:: Work request ::
Within the records, find every line that includes the word "VOUT" and copy it.

Segment Start: Supplied records

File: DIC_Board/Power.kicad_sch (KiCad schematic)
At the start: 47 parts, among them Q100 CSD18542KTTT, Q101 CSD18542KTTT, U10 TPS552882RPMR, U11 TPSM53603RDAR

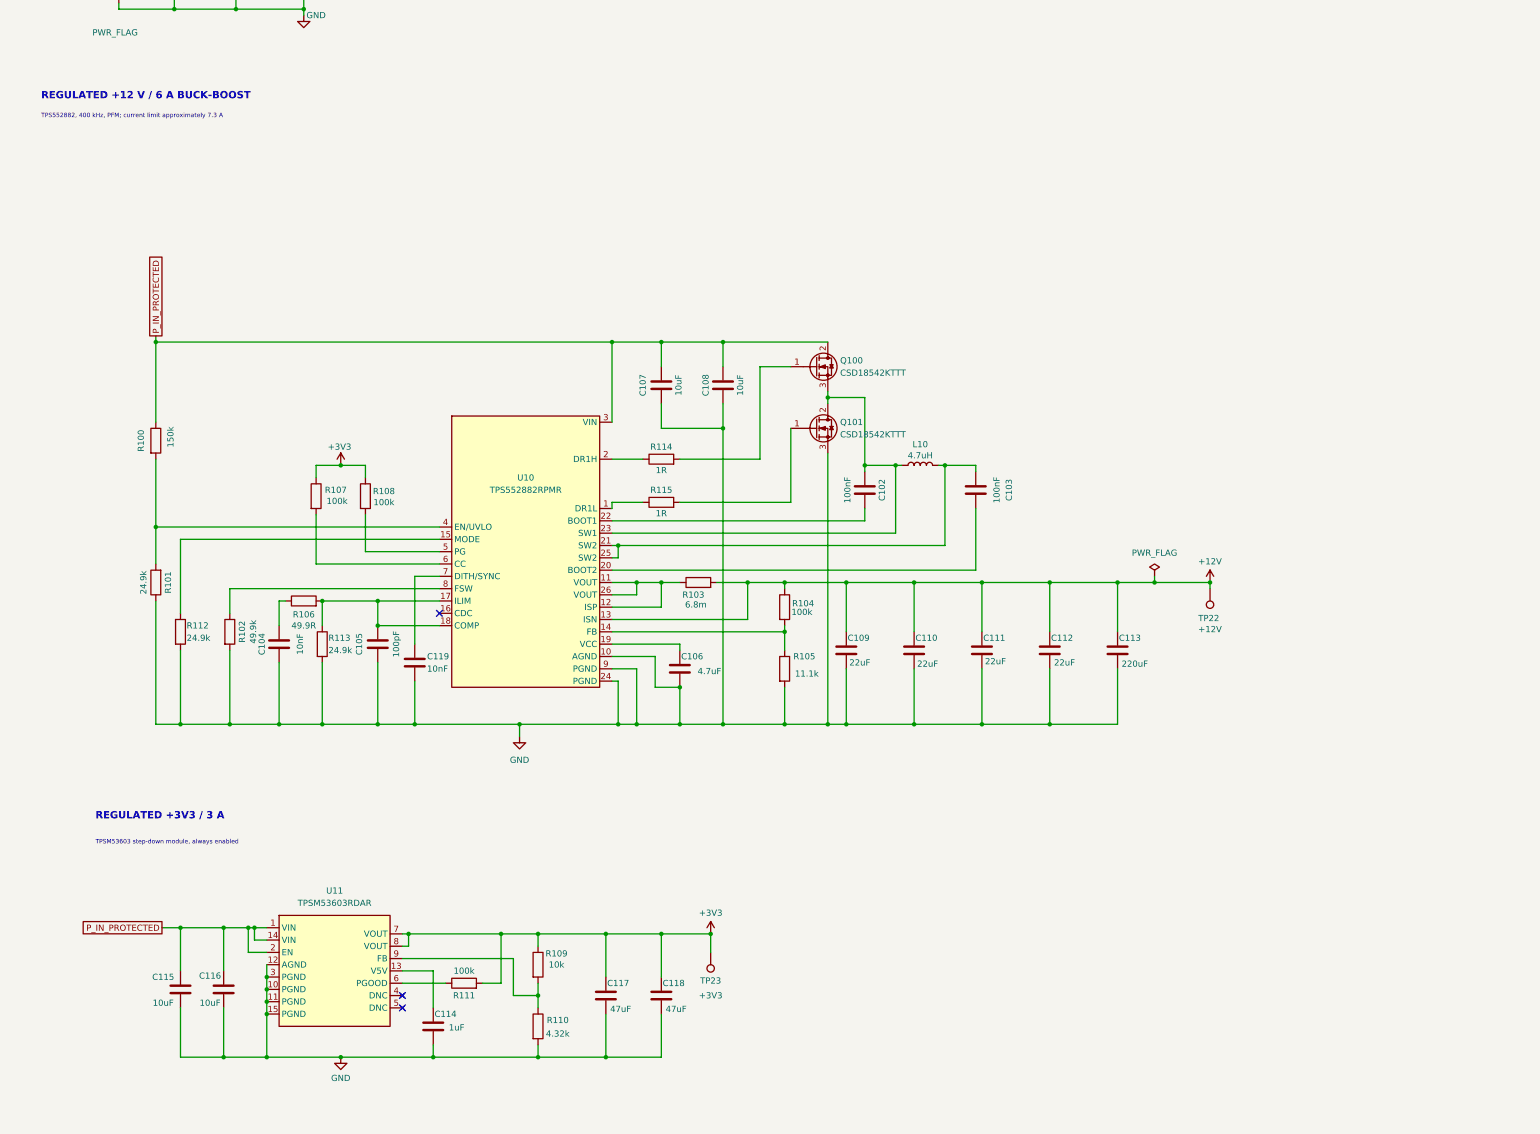
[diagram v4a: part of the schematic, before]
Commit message: added 5V and 6V power rails
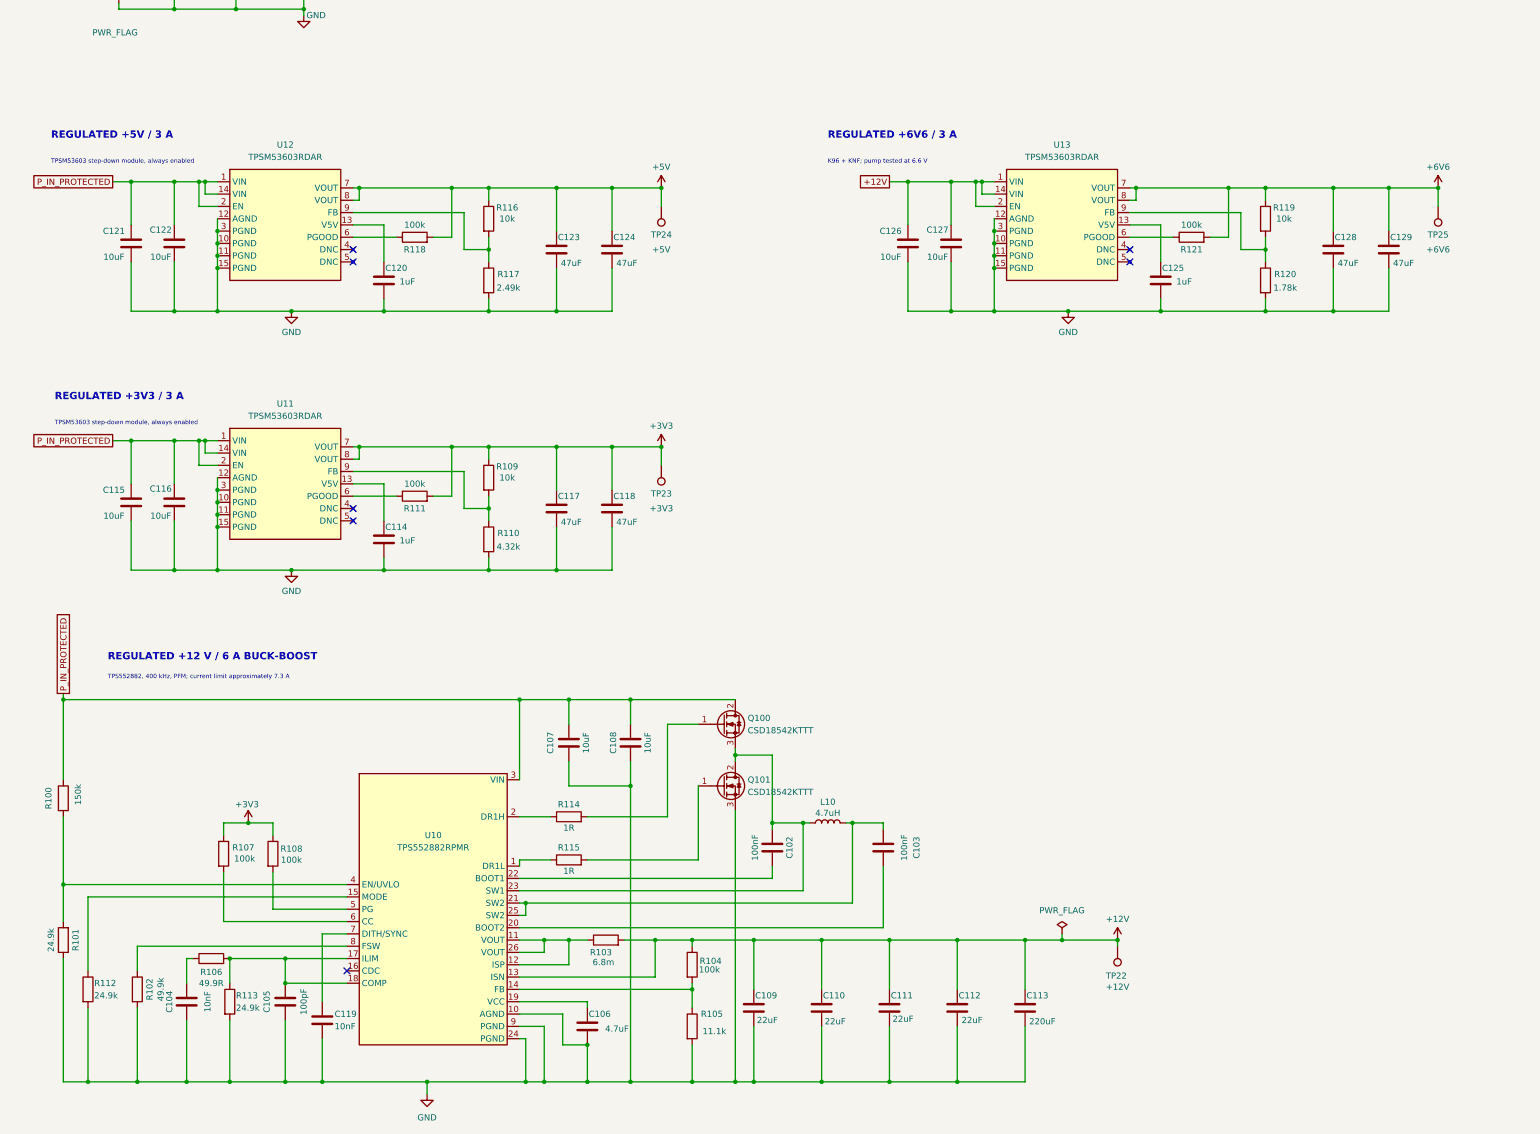
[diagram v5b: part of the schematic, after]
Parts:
- added C120, C125: 1uF, Capacitor_SMD:C_0603_1608Metric, symbol Device:C
- added C121, C122, C126, C127: 10uF, Capacitor_SMD:C_1206_3216Metric, symbol Device:C
- added C123, C124, C128, C129: 47uF, Capacitor_SMD:C_1210_3225Metric, symbol Device:C
- added R116, R119: 10k, Resistor_SMD:R_0402_1005Metric, symbol Device:R
- added R117: 2.49k, Resistor_SMD:R_0402_1005Metric, symbol Device:R
- added R118, R121: 100k, Resistor_SMD:R_0402_1005Metric, symbol Device:R
- added R120: 1.78k, Resistor_SMD:R_0402_1005Metric, symbol Device:R
- added TP24: +5V, TestPoint:TestPoint_Plated_Hole_D2.0mm, symbol Connector:TestPoint
- added TP25: +6V6, TestPoint:TestPoint_Plated_Hole_D2.0mm, symbol Connector:TestPoint
- added U12, U13: TPSM53603RDAR, Package_DFN_QFN:Texas_B3QFN-14-1EP_5x5.5mm_P0.65mm_ThermalVia, symbol DIC_Board:TPSM53603RDA
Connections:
- net +12V: now also C126.1, C127.1, U13.1 (VIN), U13.14 (VIN), U13.2 (EN)
- net GND: now also C120.2, C121.2, C122.2, C123.2, C124.2, C125.2, C126.2, C127.2, C128.2, C129.2, R117.2, R120.2, U12.10 (PGND), U12.11 (PGND), U12.12 (AGND), U12.15 (PGND), U12.3 (PGND), U13.10 (PGND), U13.11 (PGND), U13.12 (AGND), U13.15 (PGND), U13.3 (PGND)
- net P_IN_PROTECTED: now also C121.1, C122.1, U12.1 (VIN), U12.14 (VIN), U12.2 (EN)
- new net: C125.1, U13.13 (V5V)
- new net: R121.1, U13.6 (PGOOD)
- new net: R119.2, R120.1, U13.9 (FB)
- new net: R116.2, R117.1, U12.9 (FB)
- new net: C120.1, U12.13 (V5V)
- new net: R118.1, U12.6 (PGOOD)
- new net +5V: C123.1, C124.1, R116.1, R118.2, TP24.1, U12.7 (VOUT), U12.8 (VOUT)
- new net +6V6: C128.1, C129.1, R119.1, R121.2, TP25.1, U13.7 (VOUT), U13.8 (VOUT)
- no-connect marks 3 -> 7
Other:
- note added: "K96 + KNF; pump tested at 6.6 V"
- note added: "REGULATED +5V / 3 A"
- note added: "REGULATED +6V6 / 3 A"
- moved on the sheet: C102, C103, C104, C105, C106, C107, C108, C109, C110, C111, C112, C113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

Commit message: added valve control sheet
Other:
- moved on the sheet: C102, C103, C104, C105, C106, C107, C108, C109, C110, C111, C112, C113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

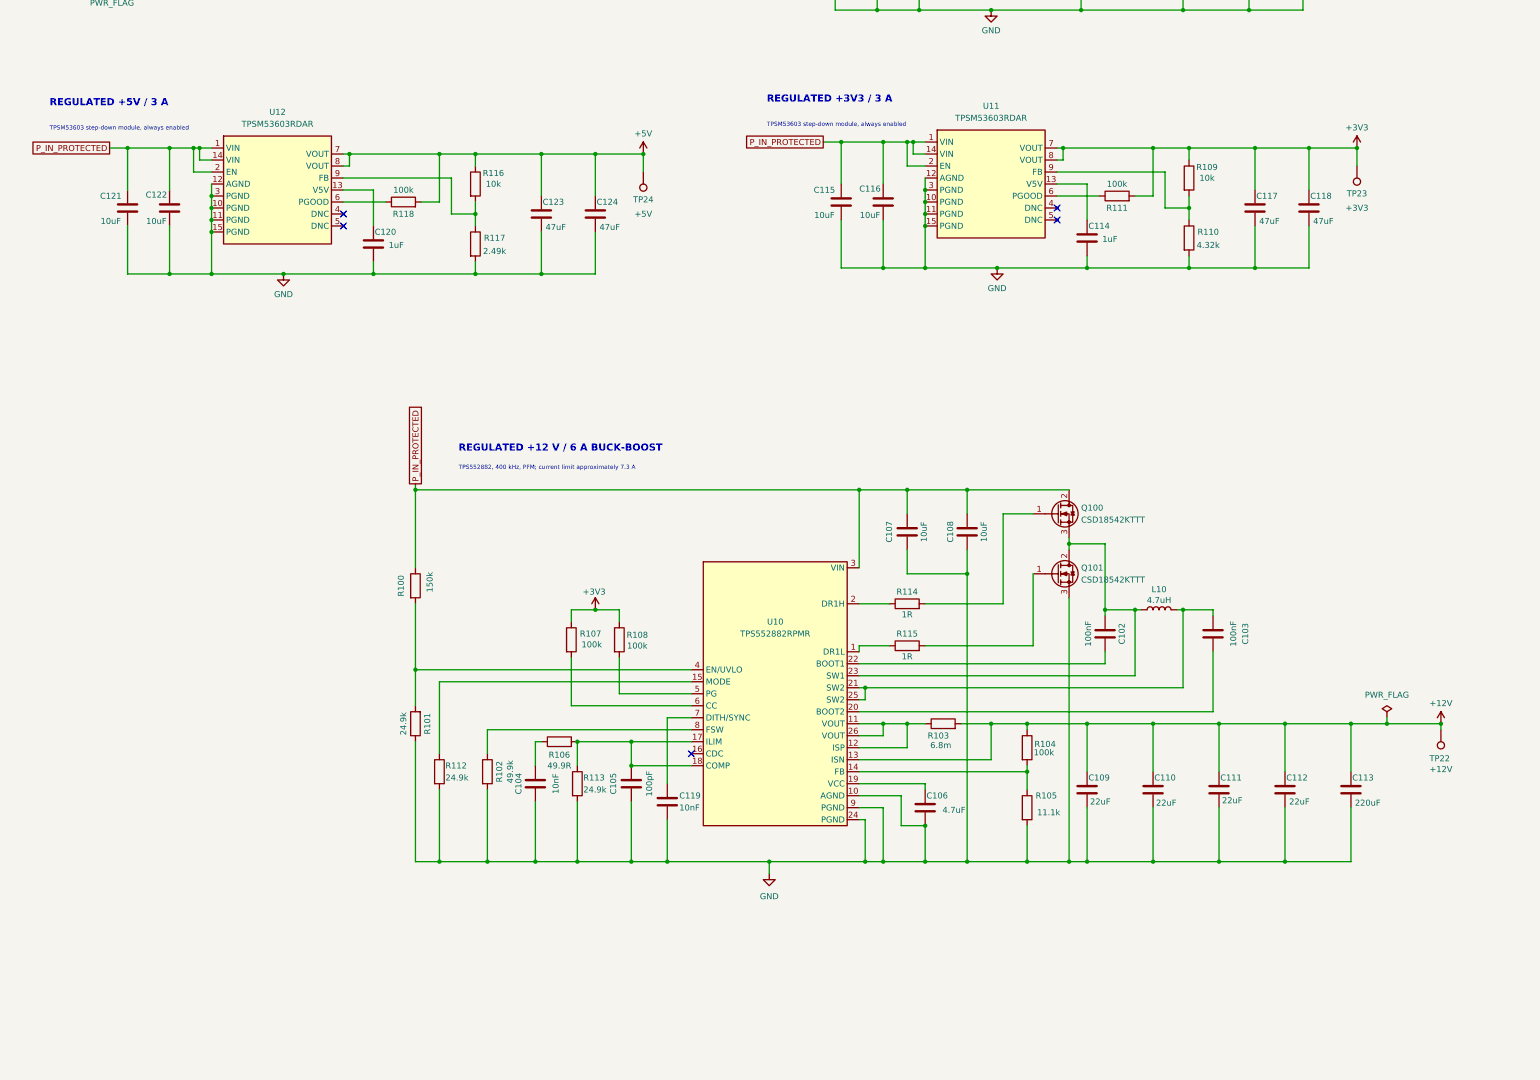
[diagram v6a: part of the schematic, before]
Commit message: Completed water pump and added the 2.7V rail
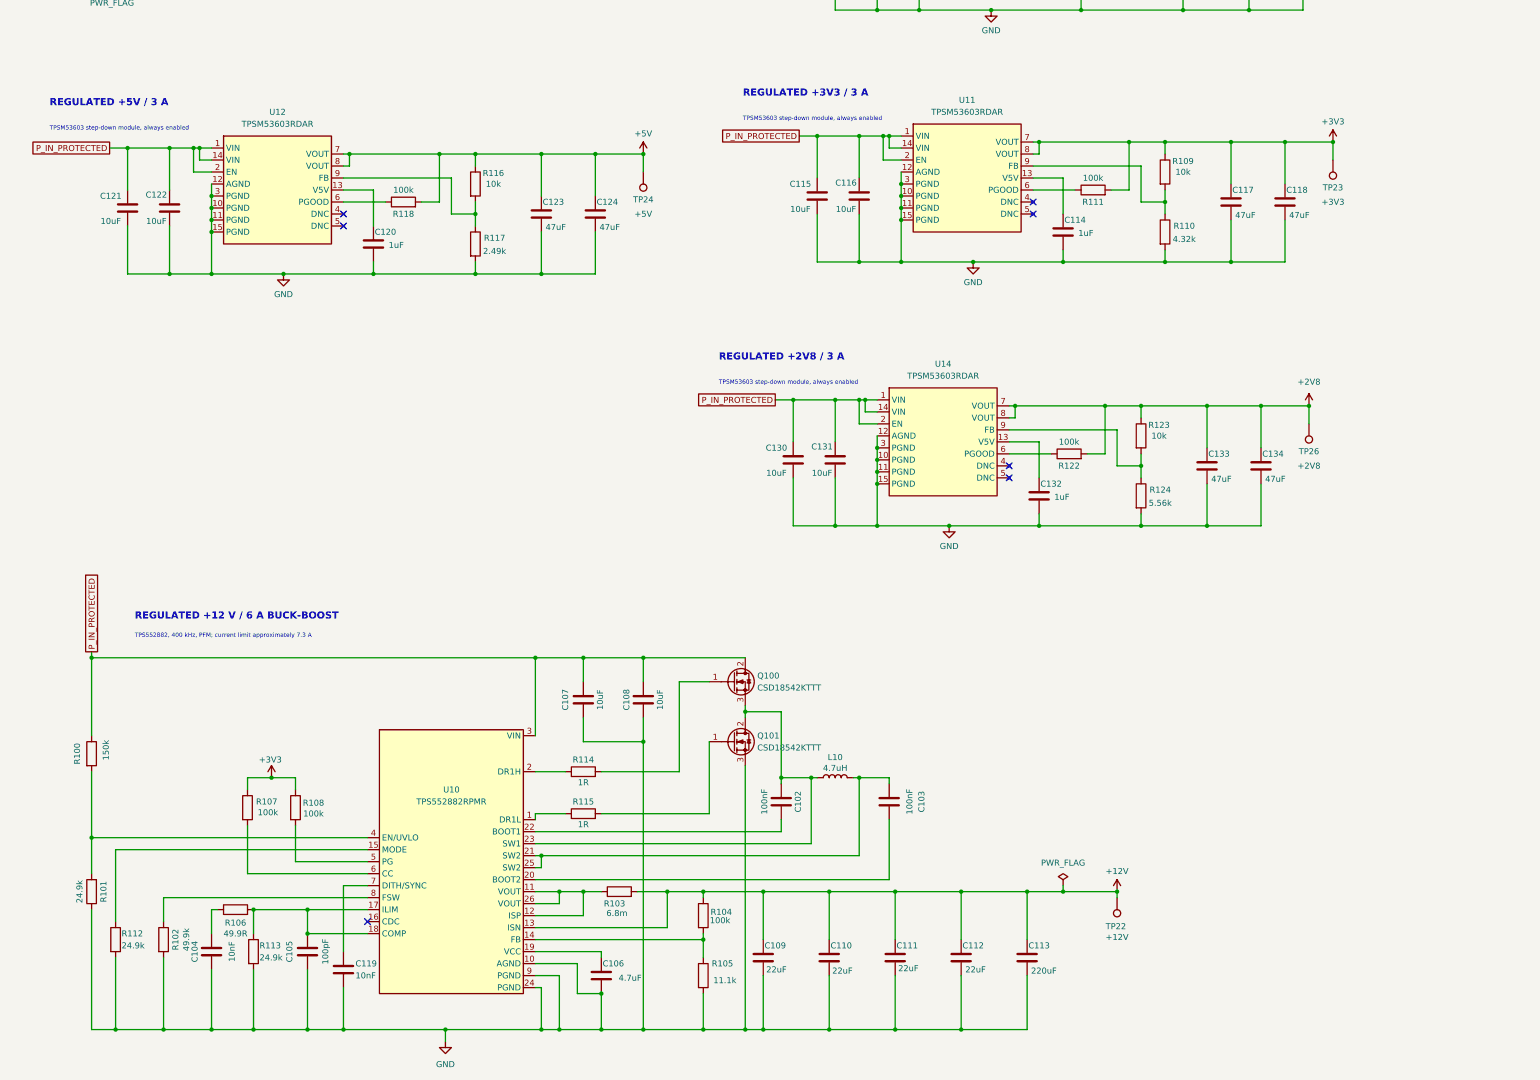
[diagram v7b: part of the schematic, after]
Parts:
- added C130, C131: 10uF, Capacitor_SMD:C_1206_3216Metric, symbol Device:C
- added C132: 1uF, Capacitor_SMD:C_0603_1608Metric, symbol Device:C
- added C133, C134: 47uF, Capacitor_SMD:C_1210_3225Metric, symbol Device:C
- added R122: 100k, Resistor_SMD:R_0402_1005Metric, symbol Device:R
- added R123: 10k, Resistor_SMD:R_0402_1005Metric, symbol Device:R
- added R124: 5.56k, Resistor_SMD:R_0402_1005Metric, symbol Device:R
- added TP26: +2V8, TestPoint:TestPoint_Plated_Hole_D2.0mm, symbol Connector:TestPoint
- added U14: TPSM53603RDAR, Package_DFN_QFN:Texas_B3QFN-14-1EP_5x5.5mm_P0.65mm_ThermalVia, symbol DIC_Board:TPSM53603RDA
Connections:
- net GND: now also C130.2, C131.2, C132.2, C133.2, C134.2, R124.2, U14.10 (PGND), U14.11 (PGND), U14.12 (AGND), U14.15 (PGND), U14.3 (PGND)
- net P_IN_PROTECTED: now also C130.1, C131.1, U14.1 (VIN), U14.14 (VIN), U14.2 (EN)
- new net: R122.1, U14.6 (PGOOD)
- new net: C132.1, U14.13 (V5V)
- new net: R123.2, R124.1, U14.9 (FB)
- new net +2V8: C133.1, C134.1, R122.2, R123.1, TP26.1, U14.7 (VOUT), U14.8 (VOUT)
- no-connect marks 7 -> 9
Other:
- note added: "REGULATED +2V8 / 3 A"
- moved on the sheet: C102, C103, C104, C105, C106, C107, C108, C109, C110, C111, C112, C113

Segment End: Supplied records

:: Solution for this exercise ::
- new net +5V: C123.1, C124.1, R116.1, R118.2, TP24.1, U12.7 (VOUT), U12.8 (VOUT)
- new net +6V6: C128.1, C129.1, R119.1, R121.2, TP25.1, U13.7 (VOUT), U13.8 (VOUT)
- new net +2V8: C133.1, C134.1, R122.2, R123.1, TP26.1, U14.7 (VOUT), U14.8 (VOUT)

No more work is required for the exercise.